# Jazz/Maverick Trade Proposal



## Lusty RaRue (Sep 9, 2003)

I'm a Bull fan.

Jamison, Bradley, Howard, 2004 first round pick

for

Ostertag, Harpring, Clark


Dallas: Walker & Jamison long term doesn't max out the team: it's an expensive redundancy.

The team needs a big physical 5 to seriously compete for the championship. Because there are so few and because the Maverick are capped, they need to trade for one. The Maverick have enough "O" so the 5 needs to be for "D" & rebounding. 

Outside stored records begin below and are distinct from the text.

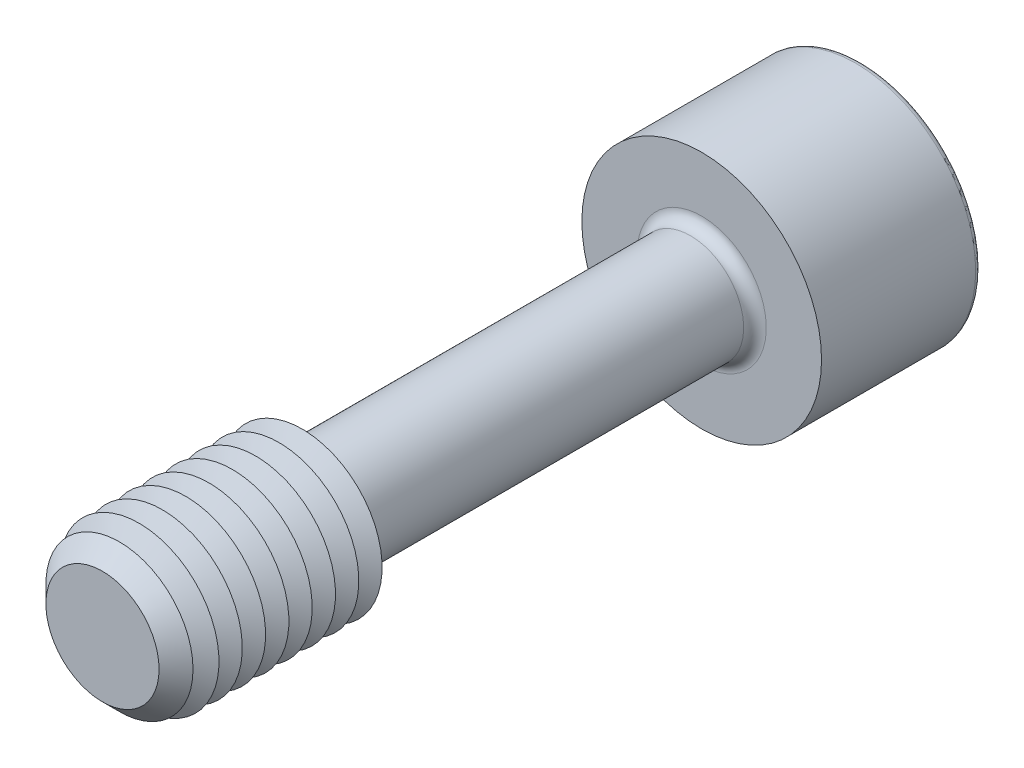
ISO-10303-21;
HEADER;
FILE_DESCRIPTION(('STEP AP214'),'2;1');
FILE_NAME('part.step','',(''),(''),'','','');
FILE_SCHEMA(('AUTOMOTIVE_DESIGN { 1 0 10303 214 1 1 1 1 }'));
ENDSEC;
DATA;
#1=APPLICATION_CONTEXT('core data for automotive mechanical design processes');
#2=APPLICATION_PROTOCOL_DEFINITION('international standard','automotive_design',2000,#1);
#3=PRODUCT_CONTEXT('',#1,'mechanical');
#4=PRODUCT('Part','Part','',(#3));
#5=PRODUCT_RELATED_PRODUCT_CATEGORY('part','',(#4));
#6=PRODUCT_DEFINITION_FORMATION('','',#4);
#7=PRODUCT_DEFINITION_CONTEXT('part definition',#1,'design');
#8=PRODUCT_DEFINITION('design','',#6,#7);
#9=PRODUCT_DEFINITION_SHAPE('','',#8);
#10=(LENGTH_UNIT() NAMED_UNIT(*) SI_UNIT(.MILLI.,.METRE.));
#11=(NAMED_UNIT(*) PLANE_ANGLE_UNIT() SI_UNIT($,.RADIAN.));
#12=(NAMED_UNIT(*) SI_UNIT($,.STERADIAN.) SOLID_ANGLE_UNIT());
#13=UNCERTAINTY_MEASURE_WITH_UNIT(LENGTH_MEASURE(1.E-05),#10,'distance_accuracy_value','');
#14=(GEOMETRIC_REPRESENTATION_CONTEXT(3) GLOBAL_UNCERTAINTY_ASSIGNED_CONTEXT((#13)) GLOBAL_UNIT_ASSIGNED_CONTEXT((#10,
#11,#12)) REPRESENTATION_CONTEXT('',''));
#15=CARTESIAN_POINT('',(0.,0.,0.));
#16=DIRECTION('',(0.,0.,1.));
#17=DIRECTION('',(1.,0.,0.));
#18=AXIS2_PLACEMENT_3D('',#15,#16,#17);
#19=CARTESIAN_POINT('',(-2.88675134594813,-5.,-24.5));
#20=DIRECTION('',(0.,0.,1.));
#21=DIRECTION('',(1.,0.,0.));
#22=AXIS2_PLACEMENT_3D('',#19,#20,#21);
#23=PLANE('',#22);
#24=DIRECTION('',(1.,0.,0.));
#25=VECTOR('',#24,1.);
#26=CARTESIAN_POINT('',(-2.88675134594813,-5.,-24.5));
#27=LINE('',#26,#25);
#28=CARTESIAN_POINT('',(0.,-5.,-24.5));
#29=VERTEX_POINT('',#28);
#30=CARTESIAN_POINT('',(2.88675134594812,-5.,-24.5));
#31=VERTEX_POINT('',#30);
#32=EDGE_CURVE('E760',#29,#31,#27,.T.);
#33=ORIENTED_EDGE('',*,*,#32,.F.);
#34=CARTESIAN_POINT('',(0.,0.,-24.5));
#35=DIRECTION('',(0.,0.,1.));
#36=DIRECTION('',(0.,-1.,0.));
#37=AXIS2_PLACEMENT_3D('',#34,#35,#36);
#38=CIRCLE('',#37,5.);
#39=CARTESIAN_POINT('',(4.3301270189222,-2.5,-24.5));
#40=VERTEX_POINT('',#39);
#41=EDGE_CURVE('E53',#29,#40,#38,.T.);
#42=ORIENTED_EDGE('',*,*,#41,.T.);
#43=DIRECTION('',(0.5,0.866025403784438,0.));
#44=VECTOR('',#43,1.);
#45=CARTESIAN_POINT('',(2.88675134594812,-5.,-24.5));
#46=LINE('',#45,#44);
#47=EDGE_CURVE('E745',#31,#40,#46,.T.);
#48=ORIENTED_EDGE('',*,*,#47,.F.);
#49=EDGE_LOOP('',(#33,#42,#48));
#50=FACE_BOUND('',#49,.T.);
#51=ADVANCED_FACE('F41',(#50),#23,.F.);
#52=CARTESIAN_POINT('',(5.77350269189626,0.,-24.5));
#53=VERTEX_POINT('',#52);
#54=EDGE_CURVE('E756',#40,#53,#46,.T.);
#55=ORIENTED_EDGE('',*,*,#54,.F.);
#56=CARTESIAN_POINT('',(4.3301270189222,2.50000000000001,-24.5));
#57=VERTEX_POINT('',#56);
#58=EDGE_CURVE('E11',#40,#57,#38,.T.);
#59=ORIENTED_EDGE('',*,*,#58,.T.);
#60=DIRECTION('',(-0.5,0.866025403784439,0.));
#61=VECTOR('',#60,1.);
#62=CARTESIAN_POINT('',(5.77350269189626,0.,-24.5));
#63=LINE('',#62,#61);
#64=EDGE_CURVE('E744',#53,#57,#63,.T.);
#65=ORIENTED_EDGE('',*,*,#64,.F.);
#66=EDGE_LOOP('',(#55,#59,#65));
#67=FACE_BOUND('',#66,.T.);
#68=ADVANCED_FACE('F133',(#67),#23,.F.);
#69=CARTESIAN_POINT('',(2.88675134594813,5.,-24.5));
#70=VERTEX_POINT('',#69);
#71=EDGE_CURVE('E740',#57,#70,#63,.T.);
#72=ORIENTED_EDGE('',*,*,#71,.F.);
#73=CARTESIAN_POINT('',(0.,5.00000000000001,-24.5));
#74=VERTEX_POINT('',#73);
#75=EDGE_CURVE('E51',#57,#74,#38,.T.);
#76=ORIENTED_EDGE('',*,*,#75,.T.);
#77=DIRECTION('',(-1.,0.,0.));
#78=VECTOR('',#77,1.);
#79=CARTESIAN_POINT('',(2.88675134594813,5.,-24.5));
#80=LINE('',#79,#78);
#81=EDGE_CURVE('E177',#70,#74,#80,.T.);
#82=ORIENTED_EDGE('',*,*,#81,.F.);
#83=EDGE_LOOP('',(#72,#76,#82));
#84=FACE_BOUND('',#83,.T.);
#85=ADVANCED_FACE('F139',(#84),#23,.F.);
#86=CARTESIAN_POINT('',(-2.88675134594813,5.,-24.5));
#87=VERTEX_POINT('',#86);
#88=EDGE_CURVE('E750',#74,#87,#80,.T.);
#89=ORIENTED_EDGE('',*,*,#88,.F.);
#90=CARTESIAN_POINT('',(-4.3301270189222,2.50000000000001,-24.5));
#91=VERTEX_POINT('',#90);
#92=EDGE_CURVE('E262',#74,#91,#38,.T.);
#93=ORIENTED_EDGE('',*,*,#92,.T.);
#94=DIRECTION('',(-0.5,-0.866025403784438,0.));
#95=VECTOR('',#94,1.);
#96=CARTESIAN_POINT('',(-2.88675134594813,5.,-24.5));
#97=LINE('',#96,#95);
#98=EDGE_CURVE('E176',#87,#91,#97,.T.);
#99=ORIENTED_EDGE('',*,*,#98,.F.);
#100=EDGE_LOOP('',(#89,#93,#99));
#101=FACE_BOUND('',#100,.T.);
#102=ADVANCED_FACE('F157',(#101),#23,.F.);
#103=CARTESIAN_POINT('',(-5.77350269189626,0.,-24.5));
#104=VERTEX_POINT('',#103);
#105=EDGE_CURVE('E170',#91,#104,#97,.T.);
#106=ORIENTED_EDGE('',*,*,#105,.F.);
#107=CARTESIAN_POINT('',(-4.3301270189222,-2.5,-24.5));
#108=VERTEX_POINT('',#107);
#109=EDGE_CURVE('E172',#91,#108,#38,.T.);
#110=ORIENTED_EDGE('',*,*,#109,.T.);
#111=DIRECTION('',(0.5,-0.866025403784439,0.));
#112=VECTOR('',#111,1.);
#113=CARTESIAN_POINT('',(-5.77350269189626,0.,-24.5));
#114=LINE('',#113,#112);
#115=EDGE_CURVE('E174',#104,#108,#114,.T.);
#116=ORIENTED_EDGE('',*,*,#115,.F.);
#117=EDGE_LOOP('',(#106,#110,#116));
#118=FACE_BOUND('',#117,.T.);
#119=ADVANCED_FACE('F146',(#118),#23,.F.);
#120=CARTESIAN_POINT('',(0.,0.,-34.5));
#121=DIRECTION('',(0.,0.,-1.));
#122=DIRECTION('',(-1.,0.,0.));
#123=AXIS2_PLACEMENT_3D('',#120,#121,#122);
#124=PLANE('',#123);
#125=CARTESIAN_POINT('',(0.,0.,-34.5));
#126=DIRECTION('',(0.,0.,-1.));
#127=DIRECTION('',(-1.,0.,0.));
#128=AXIS2_PLACEMENT_3D('',#125,#126,#127);
#129=CIRCLE('',#128,8.575);
#130=CARTESIAN_POINT('',(-8.575,0.,-34.5));
#131=VERTEX_POINT('',#130);
#132=EDGE_CURVE('E251',#131,#131,#129,.T.);
#133=ORIENTED_EDGE('',*,*,#132,.T.);
#134=EDGE_LOOP('',(#133));
#135=FACE_BOUND('',#134,.T.);
#136=DIRECTION('',(-0.5,-0.866025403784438,0.));
#137=VECTOR('',#136,1.);
#138=CARTESIAN_POINT('',(-2.88675134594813,5.,-34.5));
#139=LINE('',#138,#137);
#140=CARTESIAN_POINT('',(-2.88675134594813,5.,-34.5));
#141=VERTEX_POINT('',#140);
#142=CARTESIAN_POINT('',(-5.77350269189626,0.,-34.5));
#143=VERTEX_POINT('',#142);
#144=EDGE_CURVE('E212',#141,#143,#139,.T.);
#145=ORIENTED_EDGE('',*,*,#144,.T.);
#146=DIRECTION('',(0.5,-0.866025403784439,0.));
#147=VECTOR('',#146,1.);
#148=CARTESIAN_POINT('',(-5.77350269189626,0.,-34.5));
#149=LINE('',#148,#147);
#150=CARTESIAN_POINT('',(-2.88675134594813,-5.,-34.5));
#151=VERTEX_POINT('',#150);
#152=EDGE_CURVE('E67',#143,#151,#149,.T.);
#153=ORIENTED_EDGE('',*,*,#152,.T.);
#154=DIRECTION('',(1.,0.,0.));
#155=VECTOR('',#154,1.);
#156=CARTESIAN_POINT('',(-2.88675134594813,-5.,-34.5));
#157=LINE('',#156,#155);
#158=CARTESIAN_POINT('',(2.88675134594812,-5.,-34.5));
#159=VERTEX_POINT('',#158);
#160=EDGE_CURVE('E196',#151,#159,#157,.T.);
#161=ORIENTED_EDGE('',*,*,#160,.T.);
#162=DIRECTION('',(0.5,0.866025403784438,0.));
#163=VECTOR('',#162,1.);
#164=CARTESIAN_POINT('',(2.88675134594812,-5.,-34.5));
#165=LINE('',#164,#163);
#166=CARTESIAN_POINT('',(5.77350269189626,0.,-34.5));
#167=VERTEX_POINT('',#166);
#168=EDGE_CURVE('E200',#159,#167,#165,.T.);
#169=ORIENTED_EDGE('',*,*,#168,.T.);
#170=DIRECTION('',(-0.5,0.866025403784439,0.));
#171=VECTOR('',#170,1.);
#172=CARTESIAN_POINT('',(5.77350269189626,0.,-34.5));
#173=LINE('',#172,#171);
#174=CARTESIAN_POINT('',(2.88675134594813,5.,-34.5));
#175=VERTEX_POINT('',#174);
#176=EDGE_CURVE('E204',#167,#175,#173,.T.);
#177=ORIENTED_EDGE('',*,*,#176,.T.);
#178=DIRECTION('',(-1.,0.,0.));
#179=VECTOR('',#178,1.);
#180=CARTESIAN_POINT('',(2.88675134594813,5.,-34.5));
#181=LINE('',#180,#179);
#182=EDGE_CURVE('E208',#175,#141,#181,.T.);
#183=ORIENTED_EDGE('',*,*,#182,.T.);
#184=EDGE_LOOP('',(#145,#153,#161,#169,#177,#183));
#185=FACE_BOUND('',#184,.T.);
#186=ADVANCED_FACE('F156',(#135,#185),#124,.T.);
#187=CARTESIAN_POINT('',(0.,0.,22.5));
#188=DIRECTION('',(0.,0.,-1.));
#189=DIRECTION('',(-1.,0.,0.));
#190=AXIS2_PLACEMENT_3D('',#187,#188,#189);
#191=CYLINDRICAL_SURFACE('',#190,4.);
#192=CARTESIAN_POINT('',(0.,0.,-21.65));
#193=DIRECTION('',(0.,0.,-1.));
#194=DIRECTION('',(-1.,0.,0.));
#195=AXIS2_PLACEMENT_3D('',#192,#193,#194);
#196=CIRCLE('',#195,4.);
#197=CARTESIAN_POINT('',(-4.,0.,-21.65));
#198=VERTEX_POINT('',#197);
#199=EDGE_CURVE('E247',#198,#198,#196,.F.);
#200=CARTESIAN_POINT('',(0.,0.,6.34529946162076));
#201=DIRECTION('',(0.,0.,-1.));
#202=DIRECTION('',(0.,1.,0.));
#203=AXIS2_PLACEMENT_3D('',#200,#201,#202);
#204=CIRCLE('',#203,4.);
#205=CARTESIAN_POINT('',(-4.,0.,6.34529946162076));
#206=VERTEX_POINT('',#205);
#207=EDGE_CURVE('E235',#206,#206,#204,.T.);
#208=CARTESIAN_POINT('',(-4.,0.,-21.65));
#209=CARTESIAN_POINT('',(-4.,0.,-21.3583822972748));
#210=CARTESIAN_POINT('',(-4.,0.,-21.0667645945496));
#211=CARTESIAN_POINT('',(-4.,0.,-20.4835291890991));
#212=CARTESIAN_POINT('',(-4.,0.,-20.1919114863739));
#213=CARTESIAN_POINT('',(-4.,0.,-19.6086760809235));
#214=CARTESIAN_POINT('',(-4.,0.,-19.3170583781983));
#215=CARTESIAN_POINT('',(-4.,0.,-18.7338229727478));
#216=CARTESIAN_POINT('',(-4.,0.,-18.4422052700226));
#217=CARTESIAN_POINT('',(-4.,0.,-17.8589698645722));
#218=CARTESIAN_POINT('',(-4.,0.,-17.567352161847));
#219=CARTESIAN_POINT('',(-4.,0.,-16.9841167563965));
#220=CARTESIAN_POINT('',(-4.,0.,-16.6924990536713));
#221=CARTESIAN_POINT('',(-4.,0.,-16.1092636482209));
#222=CARTESIAN_POINT('',(-4.,0.,-15.8176459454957));
#223=CARTESIAN_POINT('',(-4.,0.,-15.2344105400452));
#224=CARTESIAN_POINT('',(-4.,0.,-14.94279283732));
#225=CARTESIAN_POINT('',(-4.,0.,-14.3595574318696));
#226=CARTESIAN_POINT('',(-4.,0.,-14.0679397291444));
#227=CARTESIAN_POINT('',(-4.,0.,-13.4847043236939));
#228=CARTESIAN_POINT('',(-4.,0.,-13.1930866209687));
#229=CARTESIAN_POINT('',(-4.,0.,-12.6098512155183));
#230=CARTESIAN_POINT('',(-4.,0.,-12.3182335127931));
#231=CARTESIAN_POINT('',(-4.,0.,-11.7349981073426));
#232=CARTESIAN_POINT('',(-4.,0.,-11.4433804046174));
#233=CARTESIAN_POINT('',(-4.,0.,-10.860144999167));
#234=CARTESIAN_POINT('',(-4.,0.,-10.5685272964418));
#235=CARTESIAN_POINT('',(-4.,0.,-9.98529189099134));
#236=CARTESIAN_POINT('',(-4.,0.,-9.69367418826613));
#237=CARTESIAN_POINT('',(-4.,0.,-9.1104387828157));
#238=CARTESIAN_POINT('',(-4.,0.,-8.81882108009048));
#239=CARTESIAN_POINT('',(-4.,0.,-8.23558567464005));
#240=CARTESIAN_POINT('',(-4.,0.,-7.94396797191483));
#241=CARTESIAN_POINT('',(-4.,0.,-7.3607325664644));
#242=CARTESIAN_POINT('',(-4.,0.,-7.06911486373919));
#243=CARTESIAN_POINT('',(-4.,0.,-6.48587945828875));
#244=CARTESIAN_POINT('',(-4.,0.,-6.19426175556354));
#245=CARTESIAN_POINT('',(-4.,0.,-5.6110263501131));
#246=CARTESIAN_POINT('',(-4.,0.,-5.31940864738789));
#247=CARTESIAN_POINT('',(-4.,0.,-4.73617324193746));
#248=CARTESIAN_POINT('',(-4.,0.,-4.44455553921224));
#249=CARTESIAN_POINT('',(-4.,0.,-3.86132013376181));
#250=CARTESIAN_POINT('',(-4.,0.,-3.56970243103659));
#251=CARTESIAN_POINT('',(-4.,0.,-2.98646702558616));
#252=CARTESIAN_POINT('',(-4.,0.,-2.69484932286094));
#253=CARTESIAN_POINT('',(-4.,0.,-2.11161391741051));
#254=CARTESIAN_POINT('',(-4.,0.,-1.81999621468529));
#255=CARTESIAN_POINT('',(-4.,0.,-1.23676080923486));
#256=CARTESIAN_POINT('',(-4.,0.,-0.945143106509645));
#257=CARTESIAN_POINT('',(-4.,0.,-0.361907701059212));
#258=CARTESIAN_POINT('',(-4.,0.,-0.0702899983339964));
#259=CARTESIAN_POINT('',(-4.,0.,0.512945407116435));
#260=CARTESIAN_POINT('',(-4.,0.,0.804563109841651));
#261=CARTESIAN_POINT('',(-4.,0.,1.38779851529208));
#262=CARTESIAN_POINT('',(-4.,0.,1.6794162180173));
#263=CARTESIAN_POINT('',(-4.,0.,2.26265162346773));
#264=CARTESIAN_POINT('',(-4.,0.,2.55426932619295));
#265=CARTESIAN_POINT('',(-4.,0.,3.13750473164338));
#266=CARTESIAN_POINT('',(-4.,0.,3.4291224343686));
#267=CARTESIAN_POINT('',(-4.,0.,4.01235783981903));
#268=CARTESIAN_POINT('',(-4.,0.,4.30397554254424));
#269=CARTESIAN_POINT('',(-4.,0.,4.88721094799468));
#270=CARTESIAN_POINT('',(-4.,0.,5.17882865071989));
#271=CARTESIAN_POINT('',(-4.,0.,5.76206405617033));
#272=CARTESIAN_POINT('',(-4.,0.,6.05368175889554));
#273=CARTESIAN_POINT('',(-4.,0.,6.34529946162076));
#274=B_SPLINE_CURVE_WITH_KNOTS('',3,(#208,#209,#210,#211,#212,#213,#214,#215,#216,#217,#218,
#219,#220,#221,#222,#223,#224,#225,#226,#227,#228,#229,#230,#231,#232,#233,#234,#235,#236,#237,
#238,#239,#240,#241,#242,#243,#244,#245,#246,#247,#248,#249,#250,#251,#252,#253,#254,#255,#256,
#257,#258,#259,#260,#261,#262,#263,#264,#265,#266,#267,#268,#269,#270,#271,#272,#273),
.UNSPECIFIED.,.F.,.F.,(4,2,2,2,2,2,2,2,2,2,2,2,2,2,2,2,2,2,2,2,2,2,2,2,2,2,2,2,2,2,2,2,4),(0.,
0.874853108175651,1.74970621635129,2.62455932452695,3.4994124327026,4.37426554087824,
5.24911864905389,6.12397175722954,6.99882486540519,7.87367797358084,8.74853108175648,
9.62338418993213,10.4982372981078,11.3730904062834,12.2479435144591,13.1227966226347,
13.9976497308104,14.872502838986,15.7473559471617,16.6222090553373,17.497062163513,
18.3719152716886,19.2467683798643,20.1216214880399,20.9964745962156,21.8713277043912,
22.7461808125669,23.6210339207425,24.4958870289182,25.3707401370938,26.2455932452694,
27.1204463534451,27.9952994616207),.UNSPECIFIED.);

Clark is due back before the playoffs.

Harpring is tough too.

Utah: Gets homeboy Shawon Bradley. A "star" player to build around. A nice young cheap player in Howard. Gets something for injured Clark. A low first round pick.


----------



## mavsman (Jun 11, 2003)

> Originally posted by <b>Lusty RaRue</b>!
> I'm a Bull fan.
> 
> Jamison, Bradley, Howard, 2004 first round pick
> ...


An interesting proposal.

I have to disagree about Walker and Jamison being redundant. 
They play very different positions for us.

I think I would have to get something different than Clark. I don't
like him much. Take Howard and Clark out of the equation and
I would say that I might go for it.

Also our 2004 1st round pick already belongs to the Celtics.

Jamison, Bradley, 2005 first round

for 

Harpring, Ostertag


----------



## TysEdyKirkrthefuture. (Nov 19, 2003)

Utah wouldn't do this because it kills them financially.


----------



## Lusty RaRue (Sep 9, 2003)

mavsman: Your trade works on the trade checker. So does: Jamison, Bradley, Howard for Ostertag, Harpring. 

The draft pick counts as $0 in a trade.

There is a problem with the 2005 pick however. It can't be traded. 

http://members.cox.net/lmcoon/salarycap.htm#70

The 2006 pick could be dealt however.

I agree with you about Clark. I don't like his game and think he's a dope. BUT, he's 6'11" and his contract is only for this year and the Dallas front line isn't overpowering. Given the veteran leadership in Dallas, 1 moron should be manageable.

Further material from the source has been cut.